--- Dataset excerpts ---

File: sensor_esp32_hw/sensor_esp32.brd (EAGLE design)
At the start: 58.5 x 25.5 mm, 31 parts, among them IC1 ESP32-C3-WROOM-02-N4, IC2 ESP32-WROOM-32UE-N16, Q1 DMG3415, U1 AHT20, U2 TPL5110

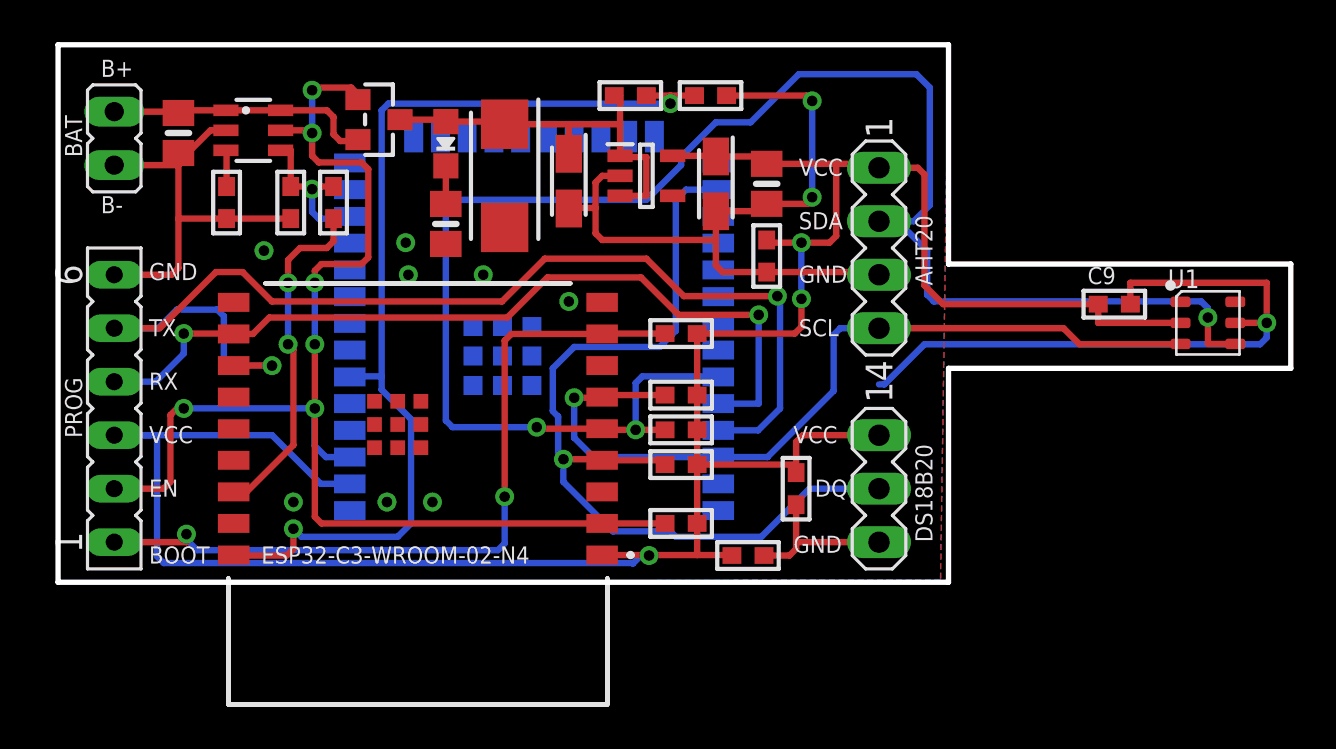
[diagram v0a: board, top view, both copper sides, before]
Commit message: added another esp32 with u.fl connection (if needed)
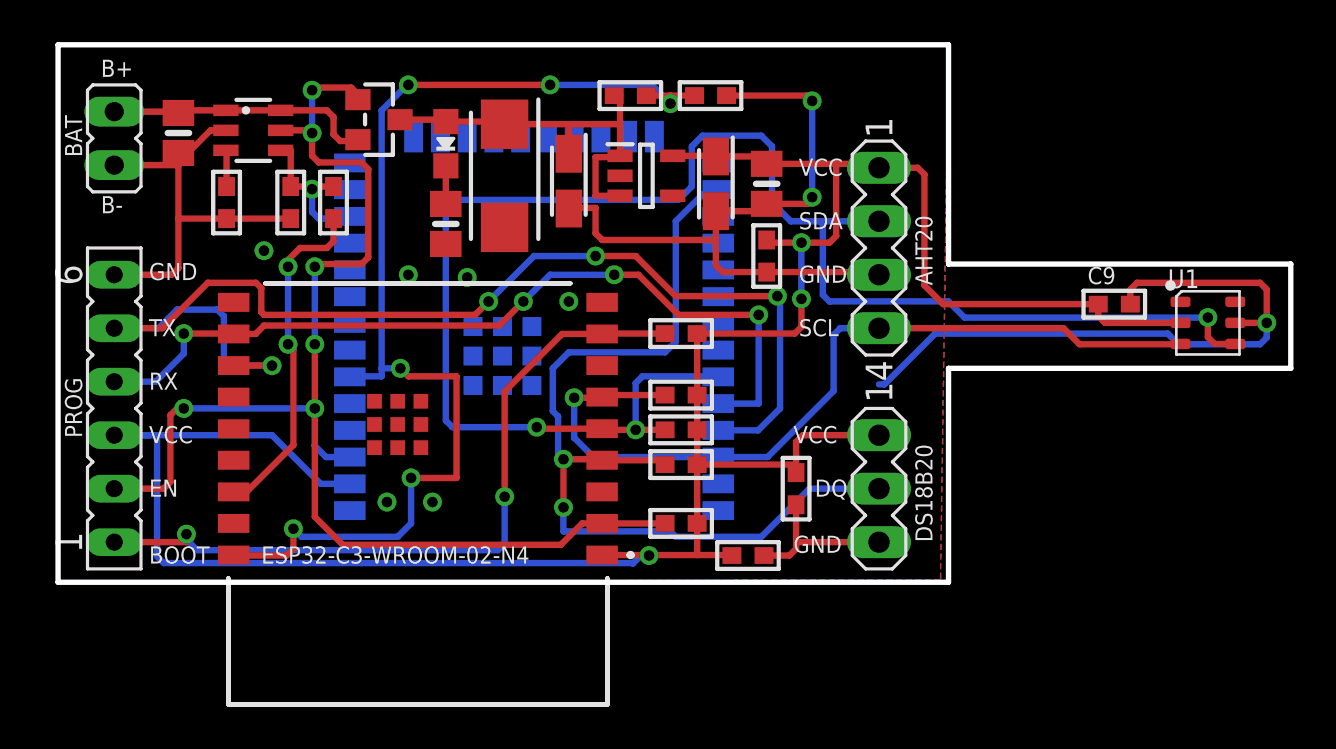
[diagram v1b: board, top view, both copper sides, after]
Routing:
- net PWROUT_DIV: track 48.2 -> 54.2 mm, vias 2 -> 6
- net SDA: track 83.3 -> 79.2 mm
- net GND: track 93.9 -> 91.4 mm, vias 11 -> 9
- net BOOT: track 36.9 -> 35.5 mm
- net EN: track 62.4 -> 63.6 mm
- net DQ: track 42.7 -> 43.8 mm, vias 1 -> 2
- net TXD0: track 55.5 -> 56.4 mm, vias 2 -> 4
- net RXD0: track 40.1 -> 40.2 mm, vias 2 -> 4

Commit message: minor routing improvements
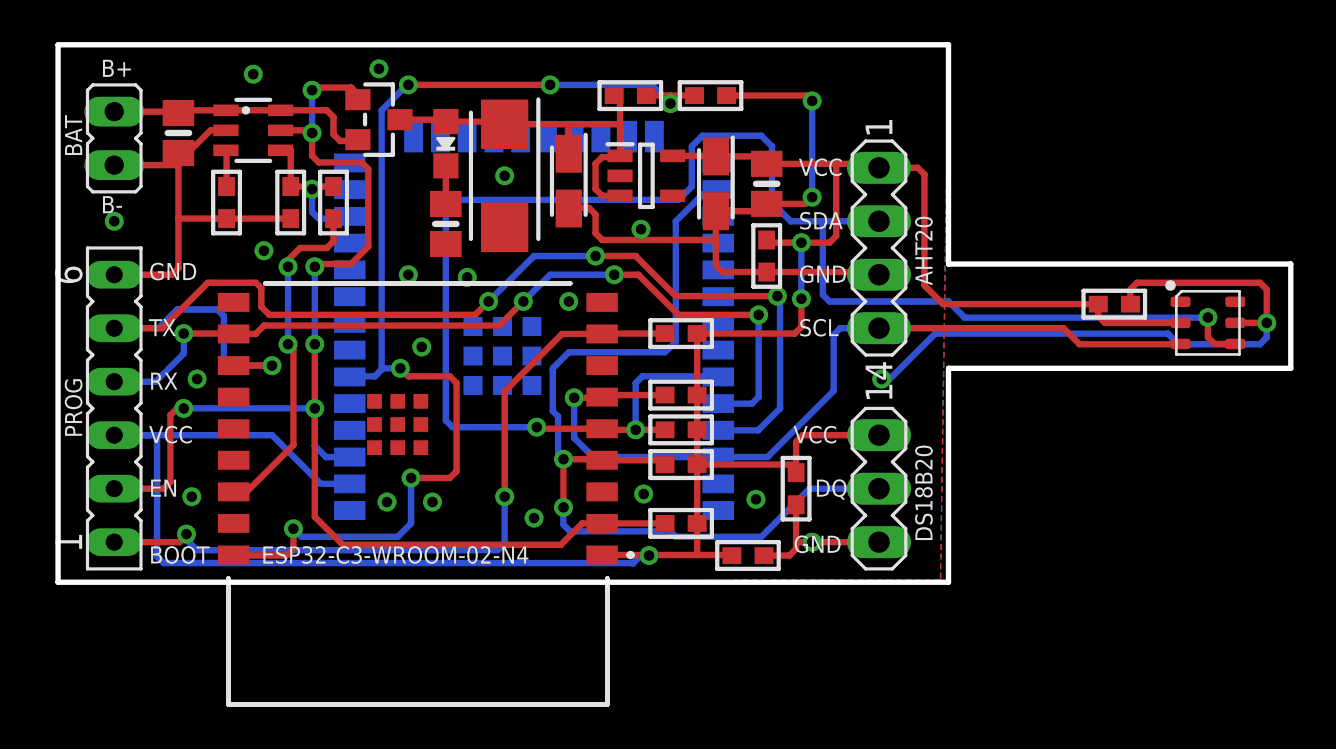
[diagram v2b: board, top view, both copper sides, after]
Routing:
- net PWROUT_DIV: track 54.2 -> 53.7 mm
- net GND: track 91.4 -> 91.1 mm, vias 9 -> 22

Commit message: minor improvements before fabrication
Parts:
- added C10, C11: 100 nF, microbuilder:_0603
- C3: value 22 uF -> 10 uF
- PS1: value AP2202K-3.3TRG1 -> LDI8119-3.3EN-DIO
- moved C2 8.81 mm to (29.5, 18.3)
- moved C4 8.64 mm to (38.6, 22.4), turned to 0 degrees
- moved R11 2.96 mm to (33.4, 22.5)
- moved C3 2.16 mm to (21.6, 18.9)
- moved PS1 2.16 mm to (25.3, 19.2)
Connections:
- net GND: now also C10.2, C11.2
- net N$1: now also IC1.15; no longer IC1.16
- net PWROUT: now also C11.1; no longer C2.1
- net PWROUT_DIV: now also C10.1
- net VCC: now also C2.1
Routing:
- net GND: track 91.1 -> 80.9 mm, vias 22 -> 23
- net VCC: track 117.9 -> 123.5 mm
- net PWROUT_DIV: track 53.7 -> 58.3 mm
- net N$1: track 16.3 -> 15.0 mm
- net TXD0: track 56.2 -> 55.2 mm
- net PWROUT: track 19.1 -> 20.1 mm

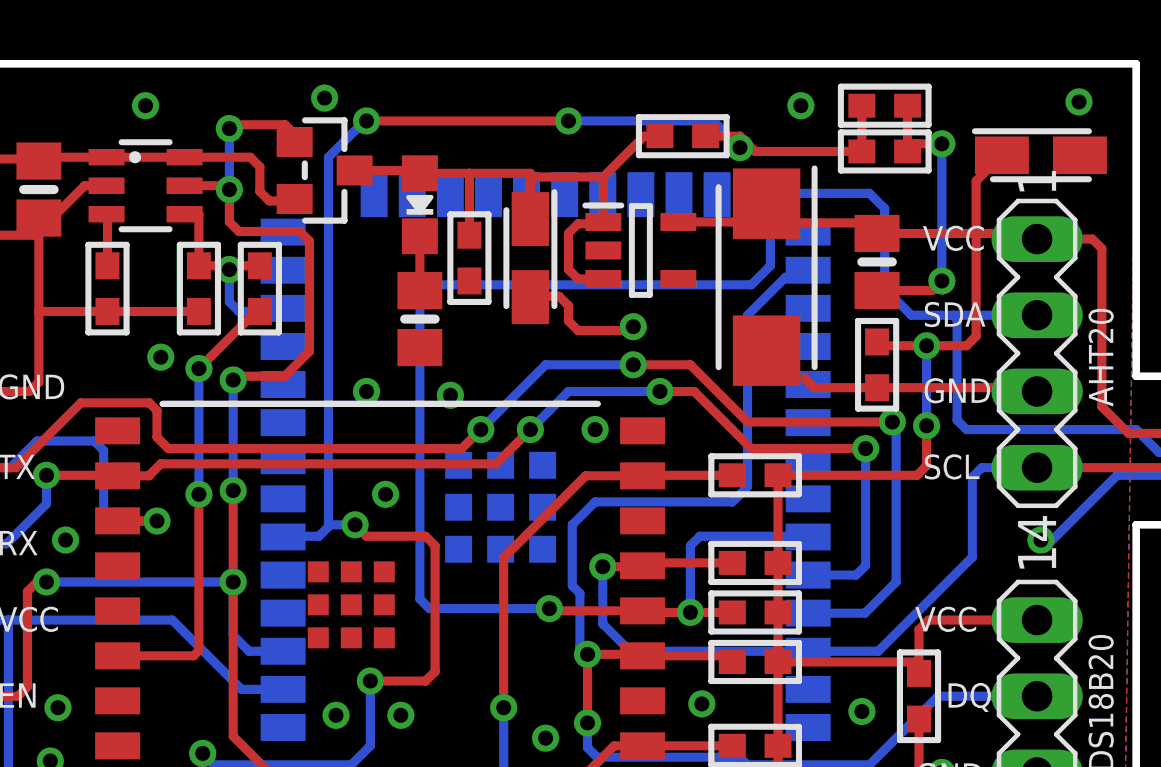
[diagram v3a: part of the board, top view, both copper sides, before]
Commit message: fixes to schematic and pcb, also made esp32 sensor work
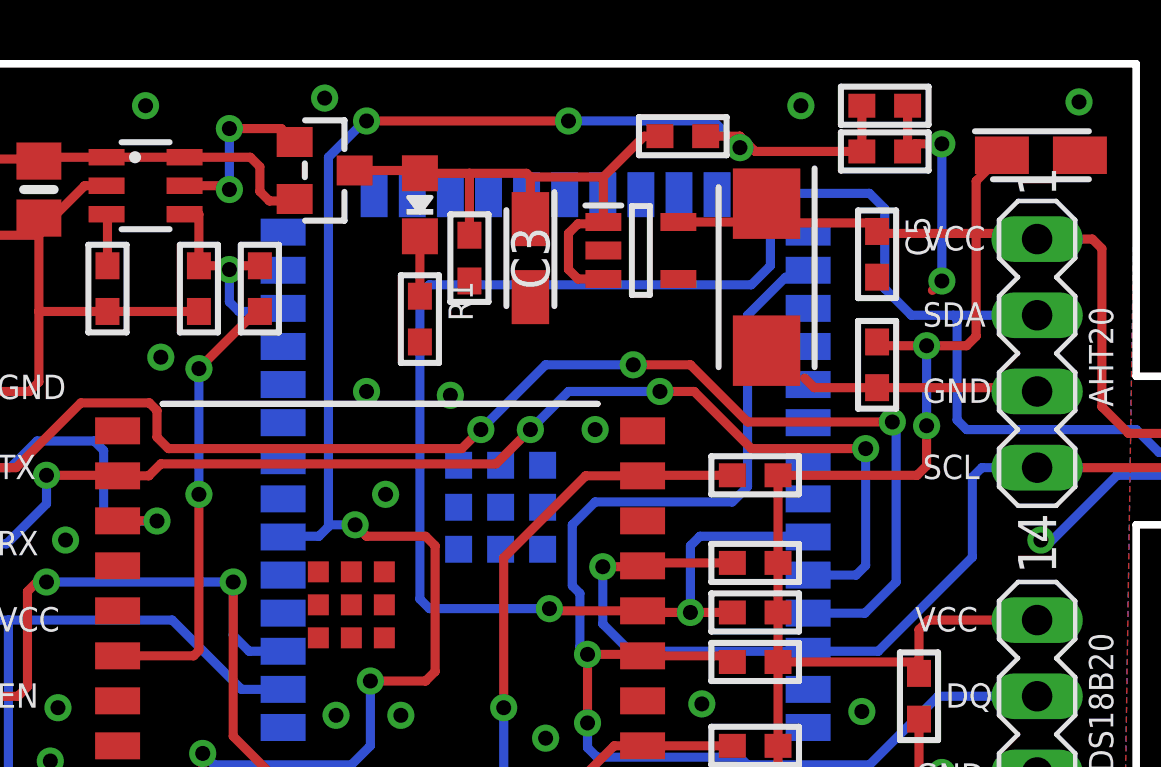
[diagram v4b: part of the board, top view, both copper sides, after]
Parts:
- C3: value 10 uF -> 22 uF
- C5: device microbuilder:0805-NO -> microbuilder:_0603
- R1: value 1K -> 1k; device microbuilder:0805-NO -> microbuilder:_0603
- moved C5 0.25 mm to (33.1, 19.1)
- turned R1 to 270 degrees
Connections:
- new net DRVN: Q1.1, U2.5
- net EN: no longer Q1.1, U2.5
- net GND: now also R1.2; no longer R1.1
- net N$3: now also R1.1; no longer R1.2
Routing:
- net EN: track 63.3 -> 39.4 mm, vias 6 -> 2
- net GND: track 80.9 -> 74.3 mm, vias 23 -> 22
- net DRVN: track 0.00 -> 6.01 mm, vias 0 -> 2

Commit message: added pull up on BOOT1 for flashing via serial
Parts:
- added R12: 10k, microbuilder:_0603
- moved R8 0.13 mm to (29.1, 8.64)
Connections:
- net BOOT1: now also R12.1
- net VCC: now also R12.2
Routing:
- net BOOT1: track 0.00 -> 3.00 mm
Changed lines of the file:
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@@
 <setting verticaltext="up"/>
 </settings>
-<grid distance="0.005" unitdist="inch" unit="mm" style="dots" multiple="1" display="yes" altdistance="0.025" altunitdist="inch" altunit="mm"/>
+<grid distance="0.0635" unitdist="mm" unit="mm" style="dots" multiple="1" display="yes" altdistance="0.025" altunitdist="inch" altunit="mm"/>
 <layers>
 <layer number="1" name="Top" color="4" fill="1" visible="yes" active="yes"/>
@@
 <element name="C7" library="microbuilder" package="_0603" value="100 nF" x="33.147" y="15.367" smashed="yes" rot="R270"/>
 <element name="R7" library="microbuilder" package="_0603" value="1k" x="12.573" y="17.907" smashed="yes" rot="R270"/>
-<element name="R8" library="microbuilder" package="_0603" value="4k7" x="29.083" y="8.763" smashed="yes"/>
+<element name="R8" library="microbuilder" package="_0603" value="4k7" x="29.083" y="8.636" smashed="yes"/>
 <element name="R9" library="microbuilder" package="_0603" value="4k7" x="29.083" y="7.112" smashed="yes"/>
 <element name="R10" library="microbuilder" package="_0603" value="10k" x="26.67" y="22.987" smashed="yes" rot="R180"/>
@@
 <attribute name="TME_ELECTRONIC_COMPONENTS_PRICE-STOCK" value="" x="21.59" y="18.923" size="1.778" layer="27" rot="R270" display="off"/>
 </element>
+<element name="R12" library="microbuilder" package="_0603" value="10k" x="29.083" y="10.16"/>
 </elements>
 <signals>
@@
 <wire x1="36.1315" y1="16.002" x2="36.449" y2="16.3195" width="0.3048" layer="1"/>
 <wire x1="36.449" y1="16.3195" x2="36.449" y2="19.746" width="0.3048" layer="1"/>
-<wire x1="29.845" y1="11.684" x2="29.845" y2="8.763" width="0.3048" layer="1"/>
-<wire x1="29.845" y1="8.763" x2="29.845" y2="7.112" width="0.3048" layer="1"/>
+<wire x1="29.845" y1="11.684" x2="29.845" y2="10.16" width="0.3048" layer="1"/>
+<wire x1="29.845" y1="10.0965" x2="29.845" y2="8.636" width="0.3048" layer="1"/>
+<wire x1="29.845" y1="8.636" x2="29.845" y2="7.112" width="0.3048" layer="1"/>
 <wire x1="29.845" y1="7.112" x2="29.845" y2="5.461" width="0.3048" layer="1"/>
 <wire x1="29.845" y1="5.461" x2="29.845" y2="2.667" width="0.3048" layer="1"/>
@@
 <wire x1="33.213" y1="19.746" x2="33.147" y2="19.812" width="0.3048" layer="1"/>
 <wire x1="33.147" y1="20.096" x2="33.147" y2="19.812" width="0.3048" layer="1"/>
+<contactref element="R12" pad="2"/>
+<wire x1="29.845" y1="10.16" x2="29.845" y2="10.0965" width="0.3048" layer="1"/>
 </signal>
 <signal name="BOOT1">
 <contactref element="IC1" pad="7"/>
+<contactref element="R12" pad="1"/>
+<wire x1="28.321" y1="10.16" x2="25.331" y2="10.16" width="0.3048" layer="1"/>
+<wire x1="25.331" y1="10.16" x2="25.331" y2="10.166" width="0.3048" layer="1"/>
 </signal>
 <signal name="DQ">
@@
 <contactref element="IC1" pad="6"/>
 <contactref element="R8" pad="1"/>
-<wire x1="28.321" y1="8.763" x2="25.331" y2="8.763" width="0.3048" layer="1"/>
 <wire x1="25.331" y1="8.763" x2="25.331" y2="8.666" width="0.3048" layer="1"/>
 <via x="24.003" y="8.636" extent="1-16" drill="0.5"/>
 <wire x1="24.003" y1="8.636" x2="25.331" y2="8.636" width="0.3048" layer="1"/>
-<wire x1="25.331" y1="8.636" x2="25.331" y2="8.666" width="0.3048" layer="1"/>
 <wire x1="38.481" y1="11.938" x2="36.6395" y2="11.938" width="0.3048" layer="16"/>
 <wire x1="36.6395" y1="11.938" x2="36.322" y2="11.6205" width="0.3048" layer="16"/>
@@
 <wire x1="24.916" y1="5.818" x2="24.003" y2="6.731" width="0.3048" layer="16"/>
 <wire x1="24.003" y1="6.731" x2="24.003" y2="8.636" width="0.3048" layer="16"/>
+<wire x1="28.321" y1="8.636" x2="25.331" y2="8.636" width="0.3048" layer="1"/>
+<wire x1="25.331" y1="8.636" x2="25.331" y2="8.666" width="0.3048" layer="1"/>
 </signal>
 <signal name="PWROUT_DIV">

---

### What you are asked to do
If a line in the records contains "style", report it.

### Response for this exercise
-<grid distance="0.005" unitdist="inch" unit="mm" style="dots" multiple="1" display="yes" altdistance="0.025" altunitdist="inch" altunit="mm"/>
+<grid distance="0.0635" unitdist="mm" unit="mm" style="dots" multiple="1" display="yes" altdistance="0.025" altunitdist="inch" altunit="mm"/>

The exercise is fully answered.